The Supreme Court on Saturday witnessed an unprecedented hearing on the issue of providing medical aid to Punjab farmer leader Jagjit Singh Dallewal, who is on fast-unto-death for over a month at Khanauri border seeking legal guarantee of minimum support price of crops among other demands.
The hearing was conducted by a vacation bench of justices Surya Kant and Sudhanshu Dhulia, which gave time till December 31 to the Punjab government to shift Dallewal to a nearby makeshift hospital, in an attempt to save his life.
The top court, normally, during winter break does not have vacation benches to conduct urgent hearings on emergent issues and sitting of a bench on Saturday is unusual.
However, the past few years have witnessed several instances when the Supreme Court constituted special benches to hear during the weekend cases dealing with matters related to personal liberty, political crisis, pollution in the national capital and even allegation of sexual harassment against a sitting Chief Justice of India.
The top court on January 27, held a special sitting after taking cognisance of an order passed by a single-judge bench of the Calcutta High Court that termed as “illegal” a division bench order in a case of alleged irregularities in admission of MBBS students in West Bengal’s state-run medical colleges and hospitals.

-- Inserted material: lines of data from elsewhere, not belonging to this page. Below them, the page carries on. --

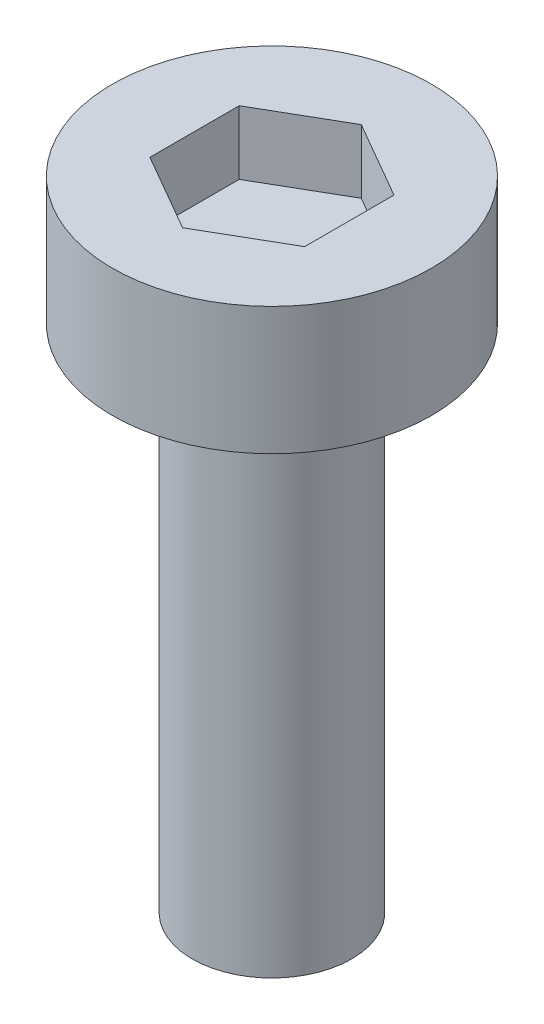
ISO-10303-21;
HEADER;
FILE_DESCRIPTION(('STEP AP214'),'2;1');
FILE_NAME('part.step','',(''),(''),'','','');
FILE_SCHEMA(('AUTOMOTIVE_DESIGN { 1 0 10303 214 1 1 1 1 }'));
ENDSEC;
DATA;
#1=APPLICATION_CONTEXT('core data for automotive mechanical design processes');
#2=APPLICATION_PROTOCOL_DEFINITION('international standard','automotive_design',2000,#1);
#3=PRODUCT_CONTEXT('',#1,'mechanical');
#4=PRODUCT('Part','Part','',(#3));
#5=PRODUCT_RELATED_PRODUCT_CATEGORY('part','',(#4));
#6=PRODUCT_DEFINITION_FORMATION('','',#4);
#7=PRODUCT_DEFINITION_CONTEXT('part definition',#1,'design');
#8=PRODUCT_DEFINITION('design','',#6,#7);
#9=PRODUCT_DEFINITION_SHAPE('','',#8);
#10=(LENGTH_UNIT() NAMED_UNIT(*) SI_UNIT(.MILLI.,.METRE.));
#11=(NAMED_UNIT(*) PLANE_ANGLE_UNIT() SI_UNIT($,.RADIAN.));
#12=(NAMED_UNIT(*) SI_UNIT($,.STERADIAN.) SOLID_ANGLE_UNIT());
#13=UNCERTAINTY_MEASURE_WITH_UNIT(LENGTH_MEASURE(1.E-05),#10,'distance_accuracy_value','');
#14=(GEOMETRIC_REPRESENTATION_CONTEXT(3) GLOBAL_UNCERTAINTY_ASSIGNED_CONTEXT((#13)) GLOBAL_UNIT_ASSIGNED_CONTEXT((#10,
#11,#12)) REPRESENTATION_CONTEXT('',''));
#15=CARTESIAN_POINT('',(0.,0.,0.));
#16=DIRECTION('',(0.,0.,1.));
#17=DIRECTION('',(1.,0.,0.));
#18=AXIS2_PLACEMENT_3D('',#15,#16,#17);
#19=CARTESIAN_POINT('',(2.5,0.,0.));
#20=DIRECTION('',(0.,-1.,0.));
#21=DIRECTION('',(1.,0.,0.));
#22=AXIS2_PLACEMENT_3D('',#19,#20,#21);
#23=PLANE('',#22);
#24=CARTESIAN_POINT('',(0.,0.,0.));
#25=DIRECTION('',(0.,-1.,0.));
#26=DIRECTION('',(1.,0.,0.));
#27=AXIS2_PLACEMENT_3D('',#24,#25,#26);
#28=CIRCLE('',#27,2.5);
#29=CARTESIAN_POINT('',(2.5,0.,0.));
#30=VERTEX_POINT('',#29);
#31=EDGE_CURVE('E135',#30,#30,#28,.T.);
#32=ORIENTED_EDGE('',*,*,#31,.T.);
#33=EDGE_LOOP('',(#32));
#34=FACE_BOUND('',#33,.T.);
#35=ADVANCED_FACE('F34',(#34),#23,.T.);
#36=CARTESIAN_POINT('',(0.,20.,0.));
#37=DIRECTION('',(0.,1.,0.));
#38=DIRECTION('',(-1.,0.,0.));
#39=AXIS2_PLACEMENT_3D('',#36,#37,#38);
#40=PLANE('',#39);
#41=DIRECTION('',(0.866025403784438,0.,0.5));
#42=VECTOR('',#41,1.);
#43=CARTESIAN_POINT('',(-2.425,20.,1.40007440278484));
#44=LINE('',#43,#42);
#45=CARTESIAN_POINT('',(-2.425,20.,1.40007440278484));
#46=VERTEX_POINT('',#45);
#47=CARTESIAN_POINT('',(0.,20.,2.80014880556968));
#48=VERTEX_POINT('',#47);
#49=EDGE_CURVE('E48',#46,#48,#44,.T.);
#50=ORIENTED_EDGE('',*,*,#49,.F.);
#51=DIRECTION('',(0.,0.,1.));
#52=VECTOR('',#51,1.);
#53=CARTESIAN_POINT('',(-2.425,20.,-1.40007440278484));
#54=LINE('',#53,#52);
#55=CARTESIAN_POINT('',(-2.425,20.,-1.40007440278484));
#56=VERTEX_POINT('',#55);
#57=EDGE_CURVE('E131',#56,#46,#54,.T.);
#58=ORIENTED_EDGE('',*,*,#57,.F.);
#59=DIRECTION('',(-0.866025403784439,0.,0.5));
#60=VECTOR('',#59,1.);
#61=CARTESIAN_POINT('',(0.,20.,-2.80014880556969));
#62=LINE('',#61,#60);
#63=CARTESIAN_POINT('',(0.,20.,-2.80014880556969));
#64=VERTEX_POINT('',#63);
#65=EDGE_CURVE('E129',#64,#56,#62,.T.);
#66=ORIENTED_EDGE('',*,*,#65,.F.);
#67=DIRECTION('',(-0.866025403784439,0.,-0.5));
#68=VECTOR('',#67,1.);
#69=CARTESIAN_POINT('',(2.425,20.,-1.40007440278484));
#70=LINE('',#69,#68);
#71=CARTESIAN_POINT('',(2.425,20.,-1.40007440278484));
#72=VERTEX_POINT('',#71);
#73=EDGE_CURVE('E96',#72,#64,#70,.T.);
#74=ORIENTED_EDGE('',*,*,#73,.F.);
#75=DIRECTION('',(0.,0.,-1.));
#76=VECTOR('',#75,1.);
#77=CARTESIAN_POINT('',(2.425,20.,1.40007440278484));
#78=LINE('',#77,#76);
#79=CARTESIAN_POINT('',(2.425,20.,1.40007440278484));
#80=VERTEX_POINT('',#79);
#81=EDGE_CURVE('E125',#80,#72,#78,.T.);
#82=ORIENTED_EDGE('',*,*,#81,.F.);
#83=DIRECTION('',(0.866025403784439,0.,-0.5));
#84=VECTOR('',#83,1.);
#85=CARTESIAN_POINT('',(0.,20.,2.80014880556968));
#86=LINE('',#85,#84);
#87=EDGE_CURVE('E122',#48,#80,#86,.T.);
#88=ORIENTED_EDGE('',*,*,#87,.F.);
#89=EDGE_LOOP('',(#50,#58,#66,#74,#82,#88));
#90=FACE_BOUND('',#89,.T.);
#91=CARTESIAN_POINT('',(0.,20.,0.));
#92=DIRECTION('',(0.,-1.,0.));
#93=DIRECTION('',(1.,0.,0.));
#94=AXIS2_PLACEMENT_3D('',#91,#92,#93);
#95=CIRCLE('',#94,5.);
#96=CARTESIAN_POINT('',(5.,20.,0.));
#97=VERTEX_POINT('',#96);
#98=EDGE_CURVE('E11',#97,#97,#95,.T.);
#99=ORIENTED_EDGE('',*,*,#98,.F.);
#100=EDGE_LOOP('',(#99));
#101=FACE_BOUND('',#100,.T.);
#102=ADVANCED_FACE('F153',(#90,#101),#40,.T.);
#103=CARTESIAN_POINT('',(0.,0.,0.));
#104=DIRECTION('',(0.,-1.,0.));
#105=DIRECTION('',(1.,0.,0.));
#106=AXIS2_PLACEMENT_3D('',#103,#104,#105);
#107=CYLINDRICAL_SURFACE('',#106,5.);
#108=ORIENTED_EDGE('',*,*,#98,.T.);
#109=EDGE_LOOP('',(#108));
#110=FACE_BOUND('',#109,.T.);
#111=CARTESIAN_POINT('',(0.,16.,0.));
#112=DIRECTION('',(0.,-1.,0.));
#113=DIRECTION('',(1.,0.,0.));
#114=AXIS2_PLACEMENT_3D('',#111,#112,#113);
#115=CIRCLE('',#114,5.);
#116=CARTESIAN_POINT('',(5.,16.,0.));
#117=VERTEX_POINT('',#116);
#118=EDGE_CURVE('E41',#117,#117,#115,.T.);
#119=ORIENTED_EDGE('',*,*,#118,.F.);
#120=EDGE_LOOP('',(#119));
#121=FACE_BOUND('',#120,.T.);
#122=ADVANCED_FACE('F151',(#110,#121),#107,.T.);
#123=CARTESIAN_POINT('',(5.,16.,0.));
#124=DIRECTION('',(0.,-1.,0.));
#125=DIRECTION('',(1.,0.,0.));
#126=AXIS2_PLACEMENT_3D('',#123,#124,#125);
#127=PLANE('',#126);
#128=ORIENTED_EDGE('',*,*,#118,.T.);
#129=EDGE_LOOP('',(#128));
#130=FACE_BOUND('',#129,.T.);
#131=CARTESIAN_POINT('',(0.,16.,0.));
#132=DIRECTION('',(0.,-1.,0.));
#133=DIRECTION('',(1.,0.,0.));
#134=AXIS2_PLACEMENT_3D('',#131,#132,#133);
#135=CIRCLE('',#134,2.5);
#136=CARTESIAN_POINT('',(2.5,16.,0.));
#137=VERTEX_POINT('',#136);
#138=EDGE_CURVE('E143',#137,#137,#135,.T.);
#139=ORIENTED_EDGE('',*,*,#138,.F.);
#140=EDGE_LOOP('',(#139));
#141=FACE_BOUND('',#140,.T.);
#142=ADVANCED_FACE('F148',(#130,#141),#127,.T.);
#143=CARTESIAN_POINT('',(0.,0.,0.));
#144=DIRECTION('',(0.,-1.,0.));
#145=DIRECTION('',(1.,0.,0.));
#146=AXIS2_PLACEMENT_3D('',#143,#144,#145);
#147=CYLINDRICAL_SURFACE('',#146,2.5);
#148=ORIENTED_EDGE('',*,*,#138,.T.);
#149=EDGE_LOOP('',(#148));
#150=FACE_BOUND('',#149,.T.);
#151=ORIENTED_EDGE('',*,*,#31,.F.);
#152=EDGE_LOOP('',(#151));
#153=FACE_BOUND('',#152,.T.);
#154=ADVANCED_FACE('F160',(#150,#153),#147,.T.);
#155=CARTESIAN_POINT('',(-2.425,18.,1.40007440278484));
#156=DIRECTION('',(-0.5,0.,0.866025403784439));
#157=DIRECTION('',(0.866025403784438,0.,0.5));
#158=AXIS2_PLACEMENT_3D('',#155,#156,#157);
#159=PLANE('',#158);
#160=ORIENTED_EDGE('',*,*,#49,.T.);
#161=DIRECTION('',(0.,1.,0.));
#162=VECTOR('',#161,1.);
#163=CARTESIAN_POINT('',(0.,18.,2.80014880556968));
#164=LINE('',#163,#162);
#165=CARTESIAN_POINT('',(0.,18.,2.80014880556968));
#166=VERTEX_POINT('',#165);
#167=EDGE_CURVE('E78',#166,#48,#164,.T.);
#168=ORIENTED_EDGE('',*,*,#167,.F.);
#169=DIRECTION('',(0.866025403784438,0.,0.5));
#170=VECTOR('',#169,1.);
#171=CARTESIAN_POINT('',(-2.425,18.,1.40007440278484));
#172=LINE('',#171,#170);
#173=CARTESIAN_POINT('',(-2.425,18.,1.40007440278484));
#174=VERTEX_POINT('',#173);
#175=EDGE_CURVE('E133',#174,#166,#172,.T.);
#176=ORIENTED_EDGE('',*,*,#175,.F.);
#177=DIRECTION('',(0.,1.,0.));
#178=VECTOR('',#177,1.);
#179=CARTESIAN_POINT('',(-2.425,18.,1.40007440278484));
#180=LINE('',#179,#178);
#181=EDGE_CURVE('E56',#174,#46,#180,.T.);
#182=ORIENTED_EDGE('',*,*,#181,.T.);
#183=EDGE_LOOP('',(#160,#168,#176,#182));
#184=FACE_BOUND('',#183,.T.);
#185=ADVANCED_FACE('F170',(#184),#159,.F.);
#186=CARTESIAN_POINT('',(-2.425,18.,-1.40007440278484));
#187=DIRECTION('',(-1.,0.,0.));
#188=DIRECTION('',(0.,-1.,0.));
#189=AXIS2_PLACEMENT_3D('',#186,#187,#188);
#190=PLANE('',#189);
#191=ORIENTED_EDGE('',*,*,#57,.T.);
#192=ORIENTED_EDGE('',*,*,#181,.F.);
#193=DIRECTION('',(0.,0.,1.));
#194=VECTOR('',#193,1.);
#195=CARTESIAN_POINT('',(-2.425,18.,-1.40007440278484));
#196=LINE('',#195,#194);
#197=CARTESIAN_POINT('',(-2.425,18.,-1.40007440278484));
#198=VERTEX_POINT('',#197);
#199=EDGE_CURVE('E108',#198,#174,#196,.T.);
#200=ORIENTED_EDGE('',*,*,#199,.F.);
#201=DIRECTION('',(0.,1.,0.));
#202=VECTOR('',#201,1.);
#203=CARTESIAN_POINT('',(-2.425,18.,-1.40007440278484));
#204=LINE('',#203,#202);
#205=EDGE_CURVE('E100',#198,#56,#204,.T.);
#206=ORIENTED_EDGE('',*,*,#205,.T.);
#207=EDGE_LOOP('',(#191,#192,#200,#206));
#208=FACE_BOUND('',#207,.T.);
#209=ADVANCED_FACE('F176',(#208),#190,.F.);
#210=CARTESIAN_POINT('',(0.,18.,-2.80014880556969));
#211=DIRECTION('',(-0.5,0.,-0.866025403784439));
#212=DIRECTION('',(-0.866025403784439,0.,0.5));
#213=AXIS2_PLACEMENT_3D('',#210,#211,#212);
#214=PLANE('',#213);
#215=ORIENTED_EDGE('',*,*,#65,.T.);
#216=ORIENTED_EDGE('',*,*,#205,.F.);
#217=DIRECTION('',(-0.866025403784439,0.,0.5));
#218=VECTOR('',#217,1.);
#219=CARTESIAN_POINT('',(0.,18.,-2.80014880556969));
#220=LINE('',#219,#218);
#221=CARTESIAN_POINT('',(0.,18.,-2.80014880556969));
#222=VERTEX_POINT('',#221);
#223=EDGE_CURVE('E104',#222,#198,#220,.T.);
#224=ORIENTED_EDGE('',*,*,#223,.F.);
#225=DIRECTION('',(0.,1.,0.));
#226=VECTOR('',#225,1.);
#227=CARTESIAN_POINT('',(0.,18.,-2.80014880556969));
#228=LINE('',#227,#226);
#229=EDGE_CURVE('E89',#222,#64,#228,.T.);
#230=ORIENTED_EDGE('',*,*,#229,.T.);
#231=EDGE_LOOP('',(#215,#216,#224,#230));
#232=FACE_BOUND('',#231,.T.);
#233=ADVANCED_FACE('F105',(#232),#214,.F.);
#234=CARTESIAN_POINT('',(2.425,18.,-1.40007440278484));
#235=DIRECTION('',(0.5,0.,-0.866025403784439));
#236=DIRECTION('',(-0.866025403784439,0.,-0.5));
#237=AXIS2_PLACEMENT_3D('',#234,#235,#236);
#238=PLANE('',#237);
#239=ORIENTED_EDGE('',*,*,#73,.T.);
#240=ORIENTED_EDGE('',*,*,#229,.F.);
#241=DIRECTION('',(-0.866025403784439,0.,-0.5));
#242=VECTOR('',#241,1.);
#243=CARTESIAN_POINT('',(2.425,18.,-1.40007440278484));
#244=LINE('',#243,#242);
#245=CARTESIAN_POINT('',(2.425,18.,-1.40007440278484));
#246=VERTEX_POINT('',#245);
#247=EDGE_CURVE('E93',#246,#222,#244,.T.);
#248=ORIENTED_EDGE('',*,*,#247,.F.);
#249=DIRECTION('',(0.,1.,0.));
#250=VECTOR('',#249,1.);
#251=CARTESIAN_POINT('',(2.425,18.,-1.40007440278484));
#252=LINE('',#251,#250);
#253=EDGE_CURVE('E101',#246,#72,#252,.T.);
#254=ORIENTED_EDGE('',*,*,#253,.T.);
#255=EDGE_LOOP('',(#239,#240,#248,#254));
#256=FACE_BOUND('',#255,.T.);
#257=ADVANCED_FACE('F91',(#256),#238,.F.);
#258=CARTESIAN_POINT('',(2.425,18.,1.40007440278484));
#259=DIRECTION('',(1.,0.,0.));
#260=DIRECTION('',(0.,1.,0.));
#261=AXIS2_PLACEMENT_3D('',#258,#259,#260);
#262=PLANE('',#261);
#263=ORIENTED_EDGE('',*,*,#81,.T.);
#264=ORIENTED_EDGE('',*,*,#253,.F.);
#265=DIRECTION('',(0.,0.,-1.));
#266=VECTOR('',#265,1.);
#267=CARTESIAN_POINT('',(2.425,18.,1.40007440278484));
#268=LINE('',#267,#266);
#269=CARTESIAN_POINT('',(2.425,18.,1.40007440278484));
#270=VERTEX_POINT('',#269);
#271=EDGE_CURVE('E114',#270,#246,#268,.T.);
#272=ORIENTED_EDGE('',*,*,#271,.F.);
#273=DIRECTION('',(0.,1.,0.));
#274=VECTOR('',#273,1.);
#275=CARTESIAN_POINT('',(2.425,18.,1.40007440278484));
#276=LINE('',#275,#274);
#277=EDGE_CURVE('E138',#270,#80,#276,.T.);
#278=ORIENTED_EDGE('',*,*,#277,.T.);
#279=EDGE_LOOP('',(#263,#264,#272,#278));
#280=FACE_BOUND('',#279,.T.);
#281=ADVANCED_FACE('F182',(#280),#262,.F.);
#282=CARTESIAN_POINT('',(0.,18.,2.80014880556968));
#283=DIRECTION('',(0.5,0.,0.866025403784439));
#284=DIRECTION('',(0.866025403784439,0.,-0.5));
#285=AXIS2_PLACEMENT_3D('',#282,#283,#284);
#286=PLANE('',#285);
#287=ORIENTED_EDGE('',*,*,#87,.T.);
#288=ORIENTED_EDGE('',*,*,#277,.F.);
#289=DIRECTION('',(0.866025403784439,0.,-0.5));
#290=VECTOR('',#289,1.);
#291=CARTESIAN_POINT('',(0.,18.,2.80014880556968));
#292=LINE('',#291,#290);
#293=EDGE_CURVE('E116',#166,#270,#292,.T.);
#294=ORIENTED_EDGE('',*,*,#293,.F.);
#295=ORIENTED_EDGE('',*,*,#167,.T.);
#296=EDGE_LOOP('',(#287,#288,#294,#295));
#297=FACE_BOUND('',#296,.T.);
#298=ADVANCED_FACE('F179',(#297),#286,.F.);
#299=CARTESIAN_POINT('',(0.,18.,0.));
#300=DIRECTION('',(0.,1.,0.));
#301=DIRECTION('',(0.,0.,1.));
#302=AXIS2_PLACEMENT_3D('',#299,#300,#301);
#303=PLANE('',#302);
#304=ORIENTED_EDGE('',*,*,#175,.T.);
#305=ORIENTED_EDGE('',*,*,#293,.T.);
#306=ORIENTED_EDGE('',*,*,#271,.T.);
#307=ORIENTED_EDGE('',*,*,#247,.T.);
#308=ORIENTED_EDGE('',*,*,#223,.T.);
#309=ORIENTED_EDGE('',*,*,#199,.T.);
#310=EDGE_LOOP('',(#304,#305,#306,#307,#308,#309));
#311=FACE_BOUND('',#310,.T.);
#312=ADVANCED_FACE('F111',(#311),#303,.T.);
#313=CLOSED_SHELL('',(#35,#102,#122,#142,#154,#185,#209,#233,#257,#281,#298,#312));
#314=MANIFOLD_SOLID_BREP('B2',#313);
#315=ADVANCED_BREP_SHAPE_REPRESENTATION('',(#18,#314),#14);
#316=SHAPE_DEFINITION_REPRESENTATION(#9,#315);
ENDSEC;
END-ISO-10303-21;

A five-judge bench headed by the then Chief Justice D Y Chandrachud had stayed all proceedings pending before the Calcutta High Court and issued notice to the West Bengal government and the original petitioner in the case.
This was one of the many instances when the apex court has held a special sitting on a non-working day.
On July 1 last year, the top court constituted two separate benches, one after the other, to hear a plea by activist Teesta Setalvad seeking interim protection from arrest in a case of alleged fabrication of evidence to frame innocent people in 2002 post-Godhra riot cases.
In a special late-night hearing on a Saturday, a bench headed by Justice B R Gavai questioned the denial of time to Setalvad to appeal against the high court order, saying even an ordinary criminal is entitled to some form of interim relief.
The three-judge bench heard the matter in a special sitting after a two-judge vacation bench differed on granting Setalvad interim protection from arrest.
In 2023, the apex court took suo motu (on its own) cognisance and stayed on a Saturday an Allahabad High Court order asking the head of the Department of Astrology, Lucknow University, to decide whether a woman, an alleged rape victim, is ‘Manglik’ or not.
In Indian astrological tradition, a marriage between a person with Manglik ‘dosha’ and another who doesn’t have such ‘dosha’ (defect or imbalance caused by planetary positions) is considered inauspicious.
A special bench of justices M R Shah (since retired) and Bela M Trivedi had assembled on October 15, 2022, a Saturday, to suspend a Bombay High Court decision to discharge ex-Delhi University professor G N Saibaba in a case linking him to banned Maoist rebels.
A bench headed by the then Chief Justice of India, N V Ramana, had assembled on November 13, 2021, also a Saturday, to direct the Centre and the Delhi government to take emergency measures, even proposing a two-day lockdown, to bring the air quality in the capital back to normal.
Apex court judges have also held sittings on Sundays.
A three-judge bench heard an urgent petition filed by the Congress, Nationalist Congress Party and Shiv Sena against the swearing-in of BJP leader Devendra Fadnavis as the Maharashtra chief minister on November 24, 2019, a Sunday.
The then chief justice of India, Ranjan Gogoi, held a special hearing on April 20, 2019 to probe a larger conspiracy behind sexual harassment allegations against himself.
The hearing of the case, titled as a matter of “great public importance touching upon the independence of the judiciary”, was held after stories were published on some news portals about sexual harassment allegations levelled by a former employee of the apex court against the CJI.
In 2020, the top court heard on a Sunday a plea by prominent journalist, the late Vinod Dua, seeking quashing of a sedition case against him.